They turned away together.

“Now what have I done?” I asked myself. “Of what am I guilty?”


I strolled over to the river bank in the deepening dusk. It did not there go down abruptly to the water. From the prairie-rim it sloped to a lower bank and thence dipped again. Along the upper edge a trail wound, and there was another lower down. Despite the time of year it was a mild night. There was no snow on the ground. On both trails guests had been arriving. Some came in canoes across the river, not yet frozen, not, by the temperature, likely to be for some time; others came from the direction of the North-West fort, preferring to walk that way, by the windings of the stream, instead of directly across the plain.

As I reached the edge of the plain I saw, just below me, a man advancing. Behind him were three women.

Bon soir. Good-evening,” he said.

“Good-evening,” said I.

“Those bagpipes carry far,” he remarked, very friendly of manner. “They tell us of merry-making and now—close—we hear the violins. We must show them how the old voyageurs dance the jigs.”

“It is a good occasion,” I agreed.

“Oh, yes. Belle occasion, mais oui.

With that exchange of speech he passed on, followed by a lady of uncertain age. A bright bandana was round her head, as I could see in the moonlight. By her rustling she was apparently wearing a satin dress. She went on discreetly with downcast eyes. The moonlight drifted in among the tangle of branch and twig. The two other women were coming at a tangent up the bank.

“No, I don’t think I will go after all,” I heard a girl say. “I’ll turn back here.”

That voice moved me much as at Fort Gibraltar I had been moved by a glimpse of a half-breed girl.

“Oh, come and dance, Christina!” the man called coaxingly. “It will do you good. We are friends of the settlers, have always been, and they will welcome us.”

Christina! That was the name of Court Nez’s daughter.

Then the woman with her spoke, in a French accent like the man’s: “She does not want to be too far if Court Nez comes back to-night.”
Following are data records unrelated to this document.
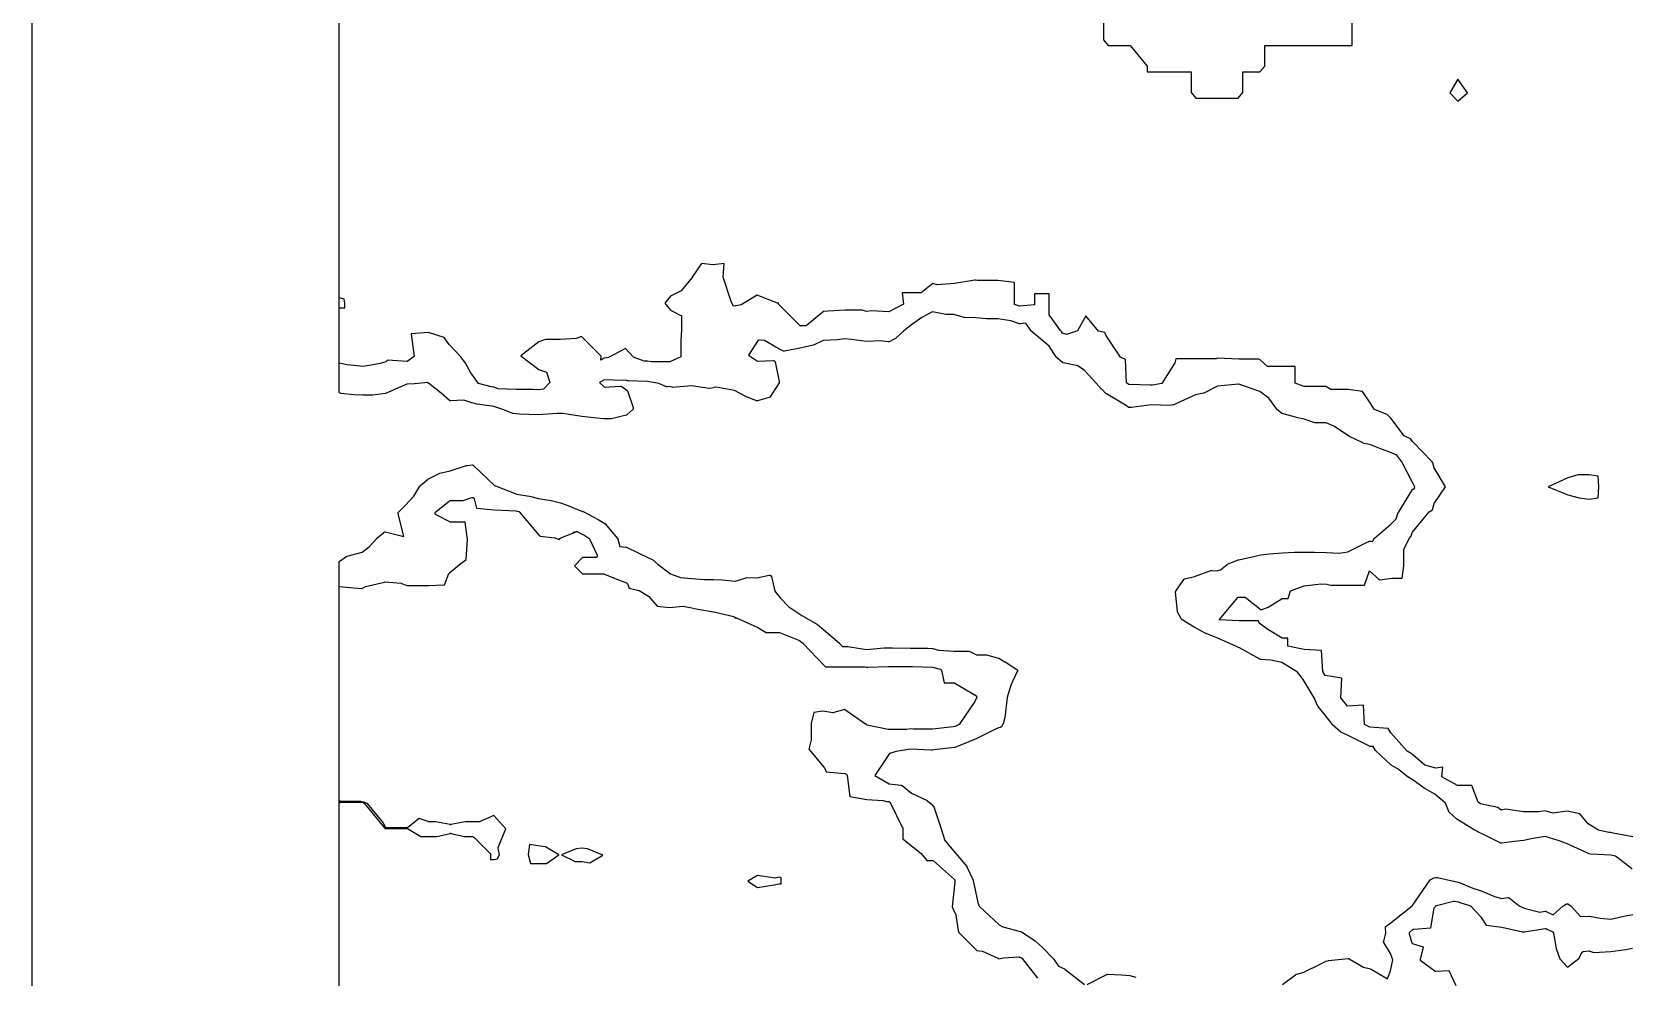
# Model space of a CAD drawing. Header units: millimetres. Extents: x 0 to 500, y 0 to 700.
# Drawn here: x 0 to 67.7, y 129.2 to 169.2 of the extents above; entities that cross this region are included whole.
import ezdxf

# ---------------------------------------------------------------- set-up
doc = ezdxf.new("R2010")
doc.units = ezdxf.units.MM
for name, color, linetype in [('CORTE', 1, 'Continuous'), ('GRABADO', 5, 'Continuous'), ('HOJA', 8, 'Continuous')]:
    doc.layers.add(name, color=color, linetype=linetype)

msp = doc.modelspace()

# ---------------------------------------------------------------- linework, layer by layer
at = {"layer": 'CORTE'}
for points in [[(67.691, 133.772), (67.686, 133.776), (67.41, 133.987), (66.989, 134.308), (66.792, 134.363), (65.953, 134.396), (65.949, 134.397), (65.943, 134.398), (65.858, 134.417), (65.854, 134.418), (65.85, 134.42), (65.692, 134.493), (64.922, 134.848), (64.563, 134.98), (64.02, 135.149), (63.422, 135.043), (63.114, 134.972), (63.109, 134.971), (62.707, 134.934), (62.184, 134.864), (62.176, 134.863), (62.161, 134.864), (62.151, 134.866), (62.144, 134.869), (62.141, 134.87), (61.351, 135.256), (61.215, 135.31), (61.21, 135.313), (61.206, 135.316), (61.149, 135.352), (61.012, 135.422), (61.009, 135.424), (60.277, 135.884), (60.273, 135.887), (60.27, 135.89), (59.958, 136.174), (59.955, 136.178), (59.95, 136.184), (59.943, 136.194), (59.941, 136.2), (59.799, 136.554), (59.35, 136.939), (58.948, 137.16), (58.944, 137.162), (58.425, 137.533), (58.243, 137.648), (58.24, 137.65), (57.792, 138.002), (57.5, 138.171), (57.496, 138.174), (57.492, 138.177), (56.844, 138.767), (56.839, 138.772), (56.834, 138.778), (56.831, 138.782), (56.735, 138.95), (56.609, 138.959), (56.602, 138.96), (56.593, 138.962), (56.586, 138.964), (56.581, 138.967), (56.271, 139.126), (55.656, 139.442), (55.395, 139.55), (55.389, 139.552), (55.38, 139.558), (55.375, 139.562), (55.018, 139.879), (55.015, 139.882), (55.012, 139.886), (54.702, 140.277), (54.407, 140.65), (54.404, 140.655), (54.401, 140.66), (54.237, 141.01), (53.771, 141.787), (53.651, 141.964), (53.538, 142.1), (52.88, 142.505), (52.407, 142.606), (51.974, 142.643), (51.966, 142.644), (51.958, 142.646), (51.951, 142.649), (51.946, 142.651), (51.079, 143.135), (51.037, 143.15), (51.035, 143.15), (50.995, 143.165), (50.989, 143.168), (50.933, 143.202), (50.101, 143.57), (49.633, 143.747), (49.631, 143.748), (49.625, 143.75), (49.168, 144.009), (49.167, 144.009), (48.654, 144.317), (48.65, 144.32), (48.644, 144.324), (48.638, 144.331), (48.632, 144.339), (48.629, 144.343), (48.463, 144.65), (48.461, 144.656), (48.458, 144.663), (48.456, 144.669), (48.455, 144.675), (48.374, 145.487), (48.374, 145.492), (48.374, 145.499), (48.376, 145.508), (48.378, 145.515), (48.38, 145.521), (48.384, 145.529), (48.387, 145.534), (48.733, 146.028), (48.736, 146.032), (48.74, 146.036), (48.746, 146.042), (48.753, 146.047), (48.756, 146.049), (48.764, 146.053), (48.774, 146.056), (49.182, 146.144), (49.875, 146.4), (49.88, 146.402), (49.888, 146.403), (49.895, 146.405), (49.903, 146.405), (49.907, 146.404), (50.121, 146.384), (50.285, 146.439), (50.557, 146.663), (50.562, 146.667), (50.569, 146.67), (50.574, 146.673), (51.031, 146.855), (51.036, 146.857), (51.039, 146.858), (51.696, 146.999), (51.967, 147.068), (51.972, 147.068), (52.332, 147.114), (52.335, 147.114), (52.903, 147.152), (53.41, 147.186), (54.259, 147.186), (54.762, 147.17), (54.763, 147.17), (55.304, 147.135), (55.664, 147.19), (56.393, 147.557), (56.395, 147.558), (56.586, 147.64), (56.59, 147.641), (56.598, 147.644), (56.609, 147.645), (56.616, 147.645), (56.621, 147.645), (56.708, 147.634), (56.774, 147.752), (56.777, 147.757), (56.782, 147.763), (56.785, 147.767), (56.789, 147.771), (57.49, 148.371), (57.71, 148.586), (57.802, 148.854), (57.804, 148.86), (57.806, 148.864), (58.403, 149.831), (58.407, 149.837), (58.413, 149.844), (58.418, 149.849), (58.424, 149.853), (58.482, 149.891), (58.496, 149.94), (58.479, 150.007), (58.403, 150.126), (58.401, 150.129), (57.947, 151.009), (57.733, 151.28), (57.51, 151.39), (57.02, 151.573), (56.593, 151.732), (56.341, 151.784), (56.338, 151.785), (56.332, 151.787), (56.326, 151.789), (55.714, 152.096), (55.711, 152.097), (55.647, 152.135), (55.074, 152.514), (54.746, 152.65), (54.283, 152.65), (54.274, 152.652), (54.271, 152.653), (53.814, 152.807), (53.55, 152.867), (53.548, 152.867), (52.885, 153.046), (52.881, 153.048), (52.874, 153.051), (52.864, 153.057), (52.668, 153.217), (52.664, 153.22), (52.661, 153.223), (52.658, 153.227), (52.323, 153.695), (51.946, 153.978), (51.051, 154.292), (51.046, 154.293), (50.15, 154.203), (49.572, 153.914), (49.567, 153.912), (49.561, 153.91), (49.557, 153.909), (49.226, 153.84), (48.599, 153.555), (48.305, 153.421), (48.296, 153.418), (48.128, 153.39), (48.122, 153.389), (48.116, 153.389), (47.354, 153.416), (46.516, 153.298), (46.511, 153.297), (46.504, 153.297), (46.417, 153.301), (46.408, 153.302), (46.398, 153.305), (46.388, 153.31), (46.383, 153.313), (46.194, 153.438), (45.455, 153.881), (45.449, 153.886), (45.24, 154.089), (45.237, 154.091), (45.025, 154.335), (44.521, 154.87), (44.246, 155.074), (43.628, 155.197), (43.626, 155.198), (43.617, 155.2), (43.602, 155.208), (43.334, 155.44), (43.328, 155.446), (43.322, 155.454), (43.037, 155.898), (42.67, 156.208), (42.261, 156.553), (42.258, 156.556), (42.253, 156.561), (42.038, 156.868), (41.796, 156.845), (41.783, 156.845), (41.774, 156.847), (41.771, 156.848), (41.408, 156.974), (40.86, 157.059), (40.374, 157.059), (39.935, 157.096), (39.453, 157.116), (39.446, 157.116), (39.436, 157.118), (39.002, 157.234), (38.678, 157.244), (38.672, 157.244), (38.666, 157.246), (38.098, 157.352), (37.649, 157.116), (37.205, 156.804), (36.885, 156.552), (36.55, 156.234), (36.545, 156.229), (36.537, 156.224), (36.265, 156.083), (36.256, 156.079), (36.247, 156.077), (36.238, 156.076), (36.23, 156.076), (36.224, 156.077), (35.894, 156.13), (35.31, 156.091), (35.303, 156.091), (35.298, 156.091), (34.672, 156.175), (34.382, 156.204), (34.082, 156.163), (34.078, 156.163), (33.473, 156.14), (33.061, 155.939), (33.056, 155.937), (33.049, 155.935), (32.552, 155.825), (32.551, 155.824), (31.835, 155.689), (31.828, 155.688), (31.819, 155.688), (31.806, 155.69), (31.795, 155.694), (31.567, 155.8), (30.988, 156.133), (30.714, 156.158), (30.307, 155.519), (30.697, 155.262), (31.364, 155.288), (31.37, 155.288), (31.385, 155.286), (31.399, 155.28), (31.407, 155.276), (31.411, 155.273), (31.418, 155.267), (31.427, 155.256), (31.432, 155.248), (31.435, 155.242), (31.437, 155.236), (31.438, 155.231), (31.612, 154.399), (31.613, 154.394), (31.613, 154.385), (31.612, 154.374), (31.61, 154.362), (31.606, 154.352), (31.603, 154.347), (31.232, 153.753), (31.23, 153.751), (31.224, 153.742), (31.217, 153.736), (31.208, 153.729), (31.194, 153.723), (31.189, 153.722), (30.696, 153.582), (30.69, 153.581), (30.68, 153.58), (30.666, 153.58), (30.652, 153.584), (30.647, 153.585), (30.199, 153.775), (30.196, 153.776), (29.725, 154.024), (28.941, 154.171), (28.842, 154.144), (28.84, 154.143), (28.667, 154.106), (28.659, 154.104), (28.646, 154.104), (27.894, 154.217), (27.101, 154.157), (27.092, 154.157), (27.083, 154.159), (26.964, 154.191), (26.866, 154.18), (26.857, 154.18), (26.847, 154.181), (26.842, 154.183), (26.838, 154.184), (26.516, 154.313), (26.036, 154.4), (25.212, 154.43), (25.204, 154.431), (25.2, 154.432), (25.195, 154.433), (25.111, 154.464), (25.016, 154.447), (25.009, 154.446), (25.003, 154.446), (24.209, 154.477), (24.007, 154.367), (24.22, 154.158), (24.903, 154.206), (24.915, 154.206), (24.925, 154.204), (24.93, 154.202), (24.939, 154.198), (24.944, 154.196), (24.947, 154.194), (25.163, 154.038), (25.172, 154.031), (25.179, 154.021), (25.182, 154.018), (25.186, 154.01), (25.188, 154.003), (25.434, 153.297), (25.436, 153.291), (25.437, 153.279), (25.437, 153.268), (25.436, 153.258), (25.433, 153.249), (25.43, 153.241), (25.426, 153.234), (25.422, 153.228), (25.417, 153.222), (25.169, 152.992), (25.164, 152.987), (25.15, 152.978), (25.137, 152.974), (24.514, 152.829), (24.51, 152.828), (24.506, 152.828), (24.193, 152.817), (24.186, 152.817), (23.897, 152.856), (23.261, 152.918), (23.259, 152.918), (22.458, 153.048), (22.337, 153.048), (22.218, 153.052), (21.415, 152.997), (21.411, 152.997), (20.63, 153.024), (20.629, 153.024), (20.483, 153.034), (20.481, 153.034), (20.35, 153.051), (20.343, 153.053), (20.337, 153.055), (19.965, 153.203), (19.542, 153.348), (18.826, 153.446), (18.822, 153.447), (18.612, 153.503), (18.274, 153.616), (17.709, 153.586), (17.702, 153.586), (17.69, 153.587), (17.675, 153.592), (17.668, 153.597), (17.663, 153.599), (17.659, 153.603), (17.309, 153.908), (16.772, 154.328), (16.768, 154.332), (16.764, 154.337), (16.76, 154.342), (16.743, 154.367), (16.175, 154.31), (15.873, 154.295), (15.86, 154.293), (15.857, 154.293), (14.958, 153.901), (14.951, 153.898), (14.941, 153.896), (14.416, 153.819), (13.999, 153.819), (13.611, 153.844), (13.61, 153.844), (13.067, 153.899), (13.058, 153.9), (13.048, 153.903), (13.041, 153.906), (13.032, 153.911), (13.023, 153.919), (13.015, 153.928), (13.01, 153.936), (13.006, 153.944), (13.003, 153.952), (13.001, 153.959), (13, 153.965), (13, 153.971), (13, 155.436), (13, 157.575), (13, 158.577), (13, 159.289), (13, 160.582), (13, 167.597), (13, 168.6), (13, 170.604)], [(13, 128.022), (13, 132.071), (13, 133.23), (13, 135.248), (13, 136.257), (13, 137.399), (13, 138.532), (13, 139.535), (13, 140.046), (13, 141.422), (13, 142.541), (13, 146.792), (13.317, 147.005), (13.322, 147.008), (13.33, 147.012), (13.336, 147.014), (13.968, 147.176), (14.259, 147.401), (14.591, 147.766), (14.594, 147.769), (14.878, 148.019), (14.884, 148.024), (14.892, 148.029), (14.898, 148.032), (14.903, 148.034), (14.911, 148.036), (14.918, 148.037), (14.923, 148.038), (14.93, 148.038), (14.938, 148.037), (14.944, 148.036), (15.726, 147.849), (15.489, 148.813), (15.488, 148.824), (15.489, 148.837), (15.491, 148.849), (15.495, 148.858), (15.497, 148.862), (15.499, 148.866), (15.504, 148.874), (15.509, 148.879), (15.8, 149.175), (16.151, 149.555), (16.407, 149.977), (16.411, 149.984), (16.418, 149.992), (16.421, 149.994), (16.732, 150.26), (16.738, 150.264), (16.745, 150.268), (17.247, 150.52), (17.252, 150.523), (17.258, 150.525), (17.687, 150.622), (18.384, 150.848), (18.392, 150.85), (18.397, 150.851), (18.63, 150.87), (18.638, 150.87), (18.648, 150.869), (18.657, 150.866), (18.662, 150.864), (18.669, 150.861), (18.678, 150.855), (18.684, 150.85), (19.587, 149.99), (19.591, 149.986), (19.595, 149.985), (19.603, 149.983), (19.608, 149.982), (20.505, 149.632), (21.038, 149.552), (21.042, 149.552), (21.428, 149.452), (21.965, 149.364), (21.968, 149.364), (22.358, 149.27), (22.363, 149.269), (22.599, 149.177), (23.292, 148.906), (23.318, 148.896), (23.322, 148.895), (23.949, 148.557), (24.232, 148.388), (24.236, 148.385), (24.244, 148.379), (24.774, 147.764), (24.779, 147.76), (24.783, 147.751), (24.786, 147.746), (24.788, 147.742), (24.79, 147.737), (24.869, 147.416), (25.123, 147.397), (25.13, 147.397), (25.143, 147.393), (25.149, 147.391), (25.674, 147.142), (25.675, 147.142), (26.076, 146.944), (26.242, 146.868), (26.25, 146.864), (26.497, 146.662), (27.007, 146.261), (27.433, 146.103), (27.903, 146.072), (28.451, 146.017), (28.822, 146.03), (28.824, 146.03), (29.203, 146.016), (29.742, 145.952), (30.209, 146.101), (30.216, 146.103), (30.225, 146.104), (30.23, 146.104), (30.669, 146.09), (31.191, 146.203), (31.197, 146.204), (31.204, 146.204), (31.212, 146.204), (31.222, 146.203), (31.235, 146.199), (31.246, 146.193), (31.252, 146.189), (31.256, 146.186), (31.264, 146.179), (31.269, 146.171), (31.272, 146.166), (31.275, 146.16), (31.278, 146.154), (31.279, 146.149), (31.424, 145.527), (31.658, 145.246), (32.012, 144.872), (32.566, 144.495), (32.664, 144.448), (32.667, 144.447), (33.226, 144.125), (33.231, 144.122), (33.235, 144.119), (33.503, 143.899), (34.163, 143.323), (34.166, 143.32), (34.284, 143.187), (34.518, 143.187), (35.31, 143.062), (36.053, 143.132), (36.233, 143.138), (36.407, 143.138), (37.161, 143.114), (37.896, 143.114), (38.092, 143.107), (38.097, 143.107), (38.103, 143.106), (38.353, 143.039), (39.016, 142.986), (39.646, 142.986), (39.654, 142.985), (39.661, 142.984), (39.67, 142.98), (39.675, 142.978), (39.957, 142.833), (40.371, 142.833), (40.381, 142.831), (40.883, 142.697), (40.89, 142.696), (40.9, 142.691), (40.903, 142.689), (41.162, 142.539), (41.164, 142.539), (41.658, 142.219), (41.661, 142.217), (41.667, 142.213), (41.673, 142.206), (41.678, 142.2), (41.681, 142.194), (41.684, 142.188), (41.687, 142.182), (41.689, 142.174), (41.69, 142.168), (41.691, 142.16), (41.69, 142.146), (41.688, 142.138), (41.686, 142.131), (41.684, 142.126), (41.413, 141.557), (41.249, 141.03), (41.161, 140.189), (41.16, 140.183), (41.085, 139.912), (41.082, 139.905), (41.08, 139.9), (41.077, 139.896), (41.009, 139.794), (41.005, 139.789), (40.999, 139.783), (40.995, 139.779), (40.988, 139.773), (40.979, 139.768), (40.972, 139.765), (40.965, 139.764), (40.891, 139.747), (40.736, 139.671), (39.97, 139.298), (39.631, 139.158), (39.04, 138.914), (39.033, 138.912), (39.025, 138.91), (39.022, 138.91), (38.148, 138.811), (38.095, 138.805), (38.091, 138.805), (38.037, 138.805), (37.164, 138.837), (36.56, 138.749), (36.317, 138.676), (36.281, 138.665), (35.661, 137.735), (36.259, 137.376), (36.777, 137.314), (36.782, 137.313), (36.789, 137.311), (36.797, 137.309), (36.805, 137.304), (36.81, 137.301), (36.813, 137.299), (37.201, 136.977), (37.873, 136.667), (37.877, 136.664), (37.884, 136.66), (37.888, 136.657), (38.035, 136.531), (38.037, 136.529), (38.142, 136.422), (38.144, 136.42), (38.149, 136.413), (38.155, 136.403), (38.157, 136.398), (38.448, 135.511), (38.623, 134.977), (39.069, 134.442), (39.07, 134.441), (39.084, 134.423), (39.542, 133.873), (39.548, 133.865), (39.816, 133.293), (39.817, 133.289), (39.819, 133.284), (40.012, 132.357), (40.05, 132.232), (40.068, 132.199), (40.911, 131.408), (41.067, 131.318), (41.813, 131.127), (41.82, 131.124), (41.828, 131.121), (41.854, 131.105), (42.444, 130.724), (42.448, 130.721), (42.452, 130.718), (42.768, 130.437), (42.77, 130.435), (43.206, 129.981), (43.209, 129.977), (43.212, 129.972), (43.421, 129.659), (43.679, 129.54), (43.683, 129.538), (43.688, 129.535), (44.529, 128.875)], [(52.909, 128.879), (53.448, 129.291), (53.451, 129.293), (53.459, 129.298), (53.466, 129.3), (53.468, 129.301), (53.807, 129.399), (54.528, 129.757), (54.728, 129.861), (54.734, 129.864), (54.741, 129.866), (54.839, 129.89), (54.844, 129.891), (55.681, 129.982), (55.687, 129.982), (55.696, 129.982), (55.705, 129.98), (55.71, 129.979), (55.717, 129.977), (55.724, 129.973), (56.328, 129.621), (56.631, 129.539), (56.637, 129.538), (56.647, 129.534), (56.651, 129.532), (57.346, 129.115), (57.468, 129.457), (57.569, 129.924), (57.472, 130.193), (57.192, 130.664), (57.189, 130.668), (57.185, 130.677), (57.184, 130.684), (57.182, 130.69), (57.182, 130.699), (57.182, 130.705), (57.183, 130.713), (57.184, 130.719), (57.27, 131.049), (57.259, 131.286), (57.259, 131.291), (57.26, 131.299), (57.261, 131.305), (57.263, 131.313), (57.266, 131.321), (57.269, 131.326), (57.273, 131.332), (57.277, 131.337), (57.282, 131.343), (57.286, 131.346), (57.494, 131.508), (58.393, 132.21), (58.398, 132.221), (58.401, 132.228), (59.151, 133.308), (59.155, 133.314), (59.16, 133.318), (59.165, 133.323), (59.173, 133.328), (59.177, 133.331), (59.311, 133.395), (59.316, 133.397), (59.321, 133.399), (59.325, 133.4), (59.379, 133.41), (59.385, 133.411), (59.392, 133.412), (59.455, 133.41), (59.462, 133.409), (59.771, 133.338), (60.338, 133.217), (60.345, 133.215), (60.955, 132.957), (61.269, 132.865), (61.273, 132.864), (61.875, 132.61), (62.177, 132.519), (62.44, 132.558), (62.445, 132.559), (62.45, 132.559), (62.457, 132.558), (62.467, 132.557), (62.475, 132.554), (62.482, 132.55), (62.488, 132.548), (62.492, 132.545), (62.914, 132.217), (63.124, 132.118), (63.792, 131.946), (64.017, 131.98), (64.022, 131.981), (64.027, 131.981), (64.036, 131.98), (64.043, 131.979), (64.05, 131.977), (64.057, 131.973), (64.36, 131.824), (64.778, 132.21), (64.781, 132.212), (64.785, 132.215), (64.914, 132.293), (64.921, 132.296), (64.926, 132.298), (64.932, 132.3), (64.939, 132.301), (64.946, 132.302), (64.961, 132.302), (64.975, 132.298), (64.983, 132.295), (64.989, 132.292), (64.994, 132.288), (65.098, 132.213), (65.103, 132.21), (65.109, 132.204), (65.514, 131.755), (65.876, 131.772), (65.883, 131.772), (65.89, 131.771), (66.337, 131.688), (66.798, 131.642), (67.341, 131.778), (67.722, 131.84)], [(44.637, 128.884), (45.464, 129.309), (45.47, 129.311), (45.479, 129.314), (45.486, 129.316), (45.493, 129.316), (45.499, 129.316), (46.092, 129.296), (46.435, 129.263), (46.442, 129.261), (46.695, 129.187)]]:
    msp.add_lwpolyline(points, dxfattribs=at)
at = {"layer": 'GRABADO'}
for points in [[(45.329, 169.73), (45.329, 168.863), (45.533, 168.619), (46.459, 168.619), (47.181, 167.752), (47.181, 167.507), (49.034, 167.507), (49.034, 166.64), (49.238, 166.396), (51.02, 166.396), (51.224, 166.64), (51.224, 167.507), (51.947, 167.507), (52.151, 167.752), (52.151, 168.619), (55.856, 168.619), (55.856, 168.836), (55.856, 169.129), (55.856, 170.842)], [(67.718, 135.136), (66.897, 135.282), (66.792, 135.311), (66.712, 135.315), (66.268, 135.417), (65.828, 135.681), (65.478, 136.101), (64.948, 136.213), (64.346, 136.128), (64.02, 136.234), (63.748, 136.184), (63.092, 136.184), (62.356, 136.304), (62.152, 136.258), (62.01, 136.376), (61.274, 136.529), (61.183, 136.602), (60.914, 137.3), (60.299, 137.3), (59.649, 137.669), (59.687, 138.077), (59.388, 138.037), (58.925, 138.161), (58.419, 138.605), (58.344, 138.664), (58.171, 138.764), (57.479, 139.539), (57.376, 139.72), (56.593, 139.773), (56.372, 139.887), (56.327, 140.706), (55.653, 140.658), (55.367, 141.021), (55.406, 141.849), (54.714, 141.96), (54.614, 142.135), (54.547, 143.024), (53.825, 143.062), (53.125, 143.208), (53.125, 143.544), (52.888, 143.544), (52.283, 143.907), (51.914, 144.172), (51.894, 144.273), (51.054, 144.273), (50.219, 144.313), (51.02, 145.275), (51.326, 145.275), (51.995, 144.74), (52.291, 144.859), (52.888, 145.217), (53.143, 145.217), (53.236, 145.55), (53.817, 145.759), (54.53, 145.844), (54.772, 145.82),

The man’s voice had sounded familiar to me but I had remained uncertain of his identity. The voice of a Frenchman speaking English might be, to my ears, that of almost any Frenchman. Yet I had thought he was one of the free-traders called Lapointe. Whether it was he or not, I had to speak to him then because of the sudden realisation that the girl below was Court Nez’s Christina, returned from Quebec to Red River again.

“Is that you, Monsieur Lapointe?” I inquired.

“Yes, c’est moi. And it is the young man, David Baxter—is it not?—one of those who stayed with Mr. McLeod when those who would not go by guile, as they say, and soft words, went away at threat of death.”

“I would rather go back,” the girl protested.

“I understand, my dear,” answered the woman beside her. “Très bien, you go back. You do not want me to go with you?”

I looked beyond her at Christina whose grace caught my heart as when first I saw her on the evening that I accompanied Miles Macdonell to Fort Gibraltar. And again, as then when our eyes met, I had that inexplicable feeling as of having known her of old. On the earlier occasion there had been candle light in her eyes; on this there was the moonlight on her face.

“This is Mr. Baxter, Mr. David Baxter, Madame Lagimoniere,” said Lapointe, turning back a step or two while the woman who had passed with him strolled slowly on. “Your husband and he must often have met at Fort Douglas.”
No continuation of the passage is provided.